■ **WHAT TO PRODUCE**
One part of the entries below is wanted: the lines from the one containing "#117=DIRECTION('',(0.,1.,0.));" through the one containing "#153=CARTESIAN_POINT('',(0.,-4.5,0.));". Write those out exactly and nothing else.

Entries taken from a collection:

Content starts

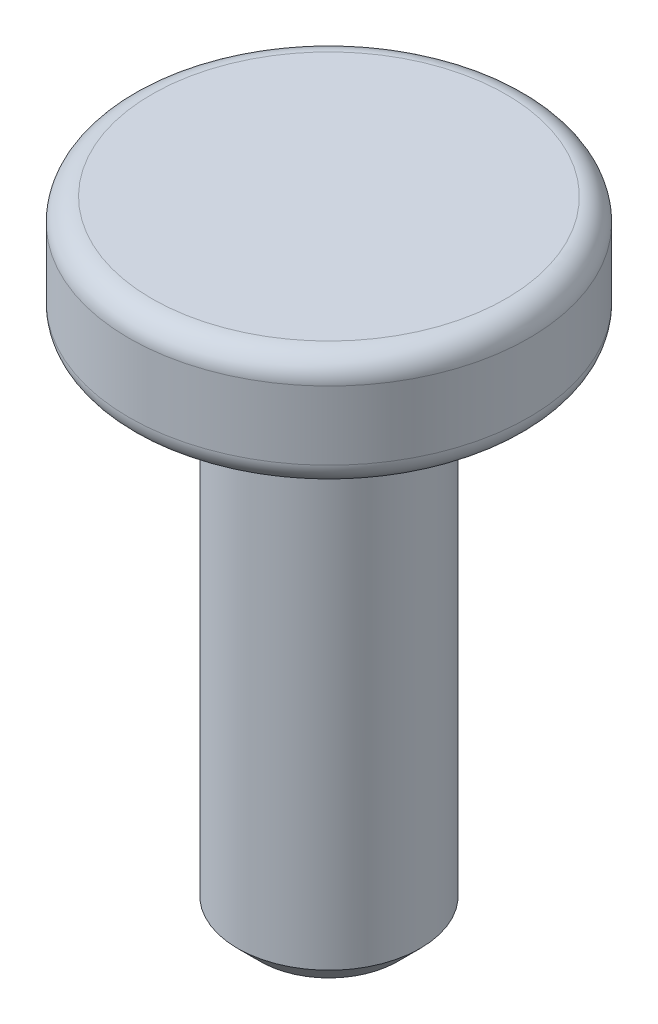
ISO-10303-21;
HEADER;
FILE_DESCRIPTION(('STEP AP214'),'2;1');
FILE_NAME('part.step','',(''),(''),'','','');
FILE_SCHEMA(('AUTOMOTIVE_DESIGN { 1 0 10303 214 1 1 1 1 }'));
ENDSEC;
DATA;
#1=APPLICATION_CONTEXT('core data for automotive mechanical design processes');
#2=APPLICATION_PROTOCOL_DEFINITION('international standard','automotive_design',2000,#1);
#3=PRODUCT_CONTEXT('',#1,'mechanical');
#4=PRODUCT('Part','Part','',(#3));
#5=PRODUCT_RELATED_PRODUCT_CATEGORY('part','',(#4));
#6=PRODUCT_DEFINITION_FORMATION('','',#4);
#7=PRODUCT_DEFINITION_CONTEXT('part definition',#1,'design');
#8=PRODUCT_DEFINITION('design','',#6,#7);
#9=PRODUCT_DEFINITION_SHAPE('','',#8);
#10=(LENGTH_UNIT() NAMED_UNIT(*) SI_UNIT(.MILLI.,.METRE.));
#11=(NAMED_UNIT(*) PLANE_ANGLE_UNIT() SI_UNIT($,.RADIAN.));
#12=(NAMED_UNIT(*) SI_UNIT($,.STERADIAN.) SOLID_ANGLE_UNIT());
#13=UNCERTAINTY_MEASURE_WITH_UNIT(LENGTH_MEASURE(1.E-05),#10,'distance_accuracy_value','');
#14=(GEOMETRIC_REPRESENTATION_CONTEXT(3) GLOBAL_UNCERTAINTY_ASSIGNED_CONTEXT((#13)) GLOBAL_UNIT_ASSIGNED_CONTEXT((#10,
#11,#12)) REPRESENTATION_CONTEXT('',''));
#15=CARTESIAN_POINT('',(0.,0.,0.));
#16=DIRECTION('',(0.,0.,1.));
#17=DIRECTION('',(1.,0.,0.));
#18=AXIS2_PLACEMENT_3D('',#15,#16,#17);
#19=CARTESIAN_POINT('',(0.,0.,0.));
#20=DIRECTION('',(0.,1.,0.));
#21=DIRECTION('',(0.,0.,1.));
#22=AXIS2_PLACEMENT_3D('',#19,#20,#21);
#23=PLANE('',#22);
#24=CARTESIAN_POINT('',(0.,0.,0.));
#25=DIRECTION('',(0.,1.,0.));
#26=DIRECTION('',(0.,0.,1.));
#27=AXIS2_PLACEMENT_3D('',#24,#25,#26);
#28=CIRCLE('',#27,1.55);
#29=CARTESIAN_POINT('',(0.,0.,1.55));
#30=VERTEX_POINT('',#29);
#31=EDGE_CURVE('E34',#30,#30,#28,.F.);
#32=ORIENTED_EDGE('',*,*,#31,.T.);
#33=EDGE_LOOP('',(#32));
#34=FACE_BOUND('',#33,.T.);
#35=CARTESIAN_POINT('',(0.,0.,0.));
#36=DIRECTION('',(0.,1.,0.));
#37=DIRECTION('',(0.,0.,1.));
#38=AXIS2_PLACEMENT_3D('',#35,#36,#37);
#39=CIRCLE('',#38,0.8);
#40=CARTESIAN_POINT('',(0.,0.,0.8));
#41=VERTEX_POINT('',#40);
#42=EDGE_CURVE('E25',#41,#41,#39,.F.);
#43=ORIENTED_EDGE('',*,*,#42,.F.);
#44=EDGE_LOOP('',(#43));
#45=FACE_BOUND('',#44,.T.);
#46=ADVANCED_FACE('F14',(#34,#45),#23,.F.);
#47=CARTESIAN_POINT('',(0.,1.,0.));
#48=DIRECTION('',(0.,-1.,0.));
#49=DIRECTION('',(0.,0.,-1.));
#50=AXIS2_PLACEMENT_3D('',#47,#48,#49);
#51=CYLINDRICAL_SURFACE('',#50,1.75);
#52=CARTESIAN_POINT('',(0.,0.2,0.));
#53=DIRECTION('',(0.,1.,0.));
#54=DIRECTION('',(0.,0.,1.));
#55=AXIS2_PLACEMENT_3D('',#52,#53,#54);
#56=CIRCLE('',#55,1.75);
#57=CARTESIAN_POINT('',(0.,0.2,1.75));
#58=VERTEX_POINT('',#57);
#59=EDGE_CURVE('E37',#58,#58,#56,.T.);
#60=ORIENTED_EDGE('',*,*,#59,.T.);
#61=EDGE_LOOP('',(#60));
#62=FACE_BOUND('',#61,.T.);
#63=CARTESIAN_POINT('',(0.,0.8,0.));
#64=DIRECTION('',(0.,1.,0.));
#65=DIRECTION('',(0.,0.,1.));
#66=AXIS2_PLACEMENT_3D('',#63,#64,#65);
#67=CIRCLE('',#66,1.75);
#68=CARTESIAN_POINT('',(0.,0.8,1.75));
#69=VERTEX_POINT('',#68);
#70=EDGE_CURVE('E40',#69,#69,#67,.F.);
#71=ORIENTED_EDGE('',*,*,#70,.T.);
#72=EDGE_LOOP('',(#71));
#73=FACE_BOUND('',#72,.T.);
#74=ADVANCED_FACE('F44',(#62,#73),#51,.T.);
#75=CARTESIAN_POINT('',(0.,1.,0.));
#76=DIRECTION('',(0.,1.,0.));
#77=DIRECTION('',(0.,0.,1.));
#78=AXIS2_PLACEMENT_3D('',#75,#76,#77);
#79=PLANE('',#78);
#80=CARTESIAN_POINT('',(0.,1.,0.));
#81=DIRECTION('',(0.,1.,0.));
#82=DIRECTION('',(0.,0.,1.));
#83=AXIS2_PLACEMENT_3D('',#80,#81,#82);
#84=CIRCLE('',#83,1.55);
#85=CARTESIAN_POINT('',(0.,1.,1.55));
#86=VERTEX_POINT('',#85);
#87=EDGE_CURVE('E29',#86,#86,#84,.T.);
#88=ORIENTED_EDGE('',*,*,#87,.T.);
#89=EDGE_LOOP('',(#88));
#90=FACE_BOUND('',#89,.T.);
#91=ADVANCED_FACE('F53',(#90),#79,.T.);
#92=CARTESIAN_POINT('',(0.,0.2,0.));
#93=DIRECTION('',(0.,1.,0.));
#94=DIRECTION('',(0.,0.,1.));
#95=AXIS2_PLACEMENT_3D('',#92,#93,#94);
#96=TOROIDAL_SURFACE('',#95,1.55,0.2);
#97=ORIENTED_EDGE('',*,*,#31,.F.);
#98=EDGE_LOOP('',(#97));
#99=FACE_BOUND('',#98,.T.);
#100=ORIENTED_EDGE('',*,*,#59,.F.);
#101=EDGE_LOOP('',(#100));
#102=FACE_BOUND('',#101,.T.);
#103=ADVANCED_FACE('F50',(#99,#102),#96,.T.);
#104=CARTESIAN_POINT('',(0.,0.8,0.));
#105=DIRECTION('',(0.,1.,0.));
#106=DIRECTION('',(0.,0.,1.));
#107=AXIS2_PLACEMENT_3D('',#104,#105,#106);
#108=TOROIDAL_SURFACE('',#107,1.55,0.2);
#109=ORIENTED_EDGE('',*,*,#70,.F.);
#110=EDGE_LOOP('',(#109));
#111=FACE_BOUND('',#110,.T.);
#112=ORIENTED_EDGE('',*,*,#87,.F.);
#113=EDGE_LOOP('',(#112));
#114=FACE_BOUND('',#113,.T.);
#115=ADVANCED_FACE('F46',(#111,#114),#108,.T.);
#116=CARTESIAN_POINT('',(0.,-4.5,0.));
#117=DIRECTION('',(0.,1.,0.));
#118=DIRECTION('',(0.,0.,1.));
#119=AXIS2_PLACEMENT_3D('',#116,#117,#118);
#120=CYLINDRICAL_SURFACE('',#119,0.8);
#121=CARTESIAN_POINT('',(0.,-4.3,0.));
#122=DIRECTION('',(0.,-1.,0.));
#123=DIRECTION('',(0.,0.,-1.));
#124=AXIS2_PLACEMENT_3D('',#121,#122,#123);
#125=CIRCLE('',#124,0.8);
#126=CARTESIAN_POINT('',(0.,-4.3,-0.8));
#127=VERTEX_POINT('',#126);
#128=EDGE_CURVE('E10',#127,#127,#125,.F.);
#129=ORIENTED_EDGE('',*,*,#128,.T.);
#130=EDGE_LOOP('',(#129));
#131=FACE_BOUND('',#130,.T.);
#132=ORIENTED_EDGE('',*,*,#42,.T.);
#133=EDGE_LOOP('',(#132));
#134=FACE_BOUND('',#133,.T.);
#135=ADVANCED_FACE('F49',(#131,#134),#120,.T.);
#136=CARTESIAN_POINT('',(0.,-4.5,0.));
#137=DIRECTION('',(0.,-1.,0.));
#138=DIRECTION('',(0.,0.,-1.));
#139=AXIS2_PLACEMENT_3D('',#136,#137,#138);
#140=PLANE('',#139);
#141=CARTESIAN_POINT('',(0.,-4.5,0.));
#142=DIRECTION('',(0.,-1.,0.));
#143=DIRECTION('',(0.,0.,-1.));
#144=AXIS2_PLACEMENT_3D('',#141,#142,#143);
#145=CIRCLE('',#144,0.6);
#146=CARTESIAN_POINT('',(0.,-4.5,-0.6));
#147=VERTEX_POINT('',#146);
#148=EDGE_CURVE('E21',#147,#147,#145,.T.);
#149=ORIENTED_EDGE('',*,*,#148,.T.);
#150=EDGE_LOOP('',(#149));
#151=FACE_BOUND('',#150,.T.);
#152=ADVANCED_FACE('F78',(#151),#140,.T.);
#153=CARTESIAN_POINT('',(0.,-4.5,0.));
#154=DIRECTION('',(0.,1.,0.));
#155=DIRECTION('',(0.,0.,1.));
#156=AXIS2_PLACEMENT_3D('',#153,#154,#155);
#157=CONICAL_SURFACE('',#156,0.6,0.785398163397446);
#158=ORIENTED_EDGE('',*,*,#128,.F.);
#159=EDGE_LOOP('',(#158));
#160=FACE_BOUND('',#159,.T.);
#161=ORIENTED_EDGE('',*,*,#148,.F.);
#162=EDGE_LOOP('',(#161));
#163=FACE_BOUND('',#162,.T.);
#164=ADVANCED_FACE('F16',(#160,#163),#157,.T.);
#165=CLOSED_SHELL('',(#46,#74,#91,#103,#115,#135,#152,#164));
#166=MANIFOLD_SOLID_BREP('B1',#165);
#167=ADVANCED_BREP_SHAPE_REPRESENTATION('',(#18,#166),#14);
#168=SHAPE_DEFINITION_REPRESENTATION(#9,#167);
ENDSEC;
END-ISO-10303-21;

Content ends

■ **RESPONSE BELOW**
#117=DIRECTION('',(0.,1.,0.));
#118=DIRECTION('',(0.,0.,1.));
#119=AXIS2_PLACEMENT_3D('',#116,#117,#118);
#120=CYLINDRICAL_SURFACE('',#119,0.8);
#121=CARTESIAN_POINT('',(0.,-4.3,0.));
#122=DIRECTION('',(0.,-1.,0.));
#123=DIRECTION('',(0.,0.,-1.));
#124=AXIS2_PLACEMENT_3D('',#121,#122,#123);
#125=CIRCLE('',#124,0.8);
#126=CARTESIAN_POINT('',(0.,-4.3,-0.8));
#127=VERTEX_POINT('',#126);
#128=EDGE_CURVE('E10',#127,#127,#125,.F.);
#129=ORIENTED_EDGE('',*,*,#128,.T.);
#130=EDGE_LOOP('',(#129));
#131=FACE_BOUND('',#130,.T.);
#132=ORIENTED_EDGE('',*,*,#42,.T.);
#133=EDGE_LOOP('',(#132));
#134=FACE_BOUND('',#133,.T.);
#135=ADVANCED_FACE('F49',(#131,#134),#120,.T.);
#136=CARTESIAN_POINT('',(0.,-4.5,0.));
#137=DIRECTION('',(0.,-1.,0.));
#138=DIRECTION('',(0.,0.,-1.));
#139=AXIS2_PLACEMENT_3D('',#136,#137,#138);
#140=PLANE('',#139);
#141=CARTESIAN_POINT('',(0.,-4.5,0.));
#142=DIRECTION('',(0.,-1.,0.));
#143=DIRECTION('',(0.,0.,-1.));
#144=AXIS2_PLACEMENT_3D('',#141,#142,#143);
#145=CIRCLE('',#144,0.6);
#146=CARTESIAN_POINT('',(0.,-4.5,-0.6));
#147=VERTEX_POINT('',#146);
#148=EDGE_CURVE('E21',#147,#147,#145,.T.);
#149=ORIENTED_EDGE('',*,*,#148,.T.);
#150=EDGE_LOOP('',(#149));
#151=FACE_BOUND('',#150,.T.);
#152=ADVANCED_FACE('F78',(#151),#140,.T.);
#153=CARTESIAN_POINT('',(0.,-4.5,0.));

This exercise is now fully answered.